Missing or invalid fields; password too weak

409

Email already registered

Note

Consents management: POST /auth/register does not persist user consents (terms & conditions, privacy policy). If your application requires consent tracking — for example to comply with GDPR or Italian transparency requirements — use a response interceptor on your deployment layer that:

  1. Intercepts successful POST /auth/register responses (status 201).

  2. Reads the consents object from the request body.

  3. Persists it in the user document (e.g. as consents.terms and consents.privacy with version, timestamp, IP, and accepted flag).

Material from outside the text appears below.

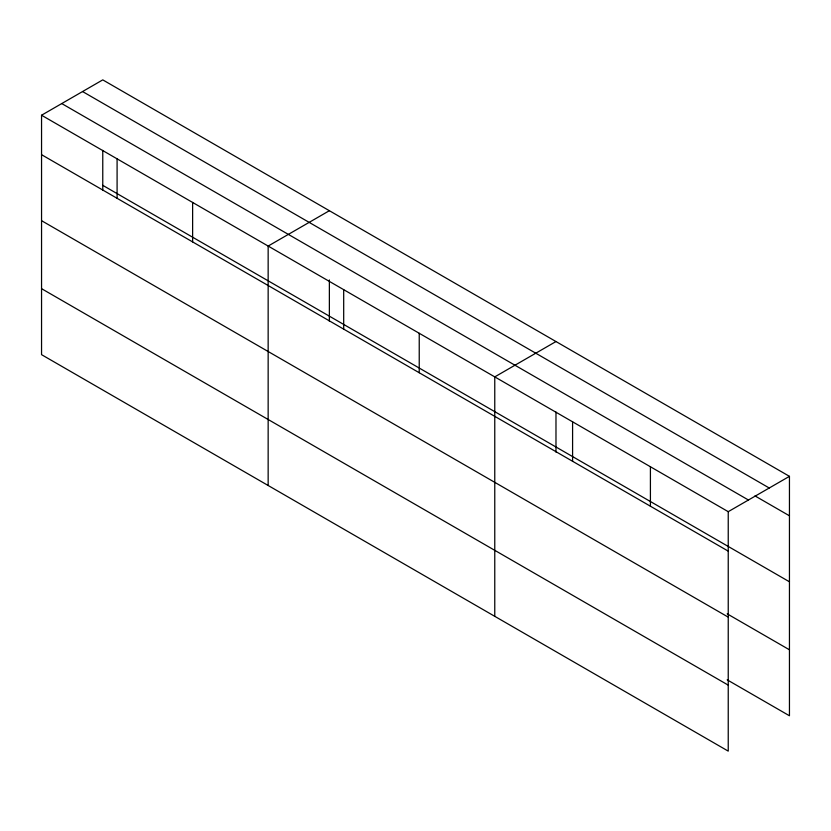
<?xml version="1.0" encoding="UTF-8"?>
<svg xmlns="http://www.w3.org/2000/svg" width="831" height="831" viewBox="0 0 831 831"><rect width="100%" height="100%" fill="white"/><g stroke="black" fill="none" stroke-linecap="round" stroke-linejoin="round"><path stroke-width="1.25" d="M728.236 617.132L728.236 511.678L41.55 115.229L41.55 354.66L728.236 751.12L728.236 617.132L41.55 220.682M727.187 679.831L789.45 715.771L789.45 476.34L102.764 79.88L41.55 115.229M329.367 210.71L268.153 246.059L268.153 485.491M555.981 341.541L494.767 376.89L494.767 616.322M728.236 511.678L789.45 476.34M82.56 91.545L769.246 488.005M754.984 495.91L789.45 515.802M61.754 103.563L748.44 500.023M102.764 185.334L789.45 581.793M41.55 154.691L728.236 551.14M727.187 613.839L789.45 649.79M41.55 288.669L728.236 685.128M650.413 466.752L650.413 506.214M572.59 421.816L572.59 461.278M555.981 412.062L555.981 452.126M419.229 333.273L419.229 372.735M343.691 289.666L343.691 329.128M329.367 279.943L329.367 321.296M192.626 202.442L192.626 241.904M117.088 158.835L117.088 198.297M102.764 150.401L102.764 190.465"/></g></svg>

The same interceptor pattern applies to PATCH /auth/activate for invited users. See the restheart-cloud deployment for a reference implementation (AccountsConsentsSaver).


Email verification

GET /auth/verify?email=…​&token=…​ is sent as a link in the registration email.

Server-side steps

  1. Extract email and token from the query string.

  2. Find the user by email.

  3. Compare token against verificationToken using constant-time comparison (timing-attack mitigation).

  4. Check that verificationCreatedAt is within the TTL (verificationTokenTtlDays, default 7 days).

  5. Assign the system ACL role from accountsConfig.default-role (default: user) — this replaces the $unauthenticated role assigned at registration. $unset verificationToken and verificationCreatedAt.

  6. Issue a JWT access token + refresh cookie.

  7. Redirect to {frontendAppUrl}.

Expired token

If the token has expired, the endpoint returns 400 with a message inviting the user to request a new verification email from the login page.

Note
Re-sending a verification email is triggered by POST /auth/resend-verify (not yet implemented in v1 — users can contact support or attempt login which will prompt re-verification).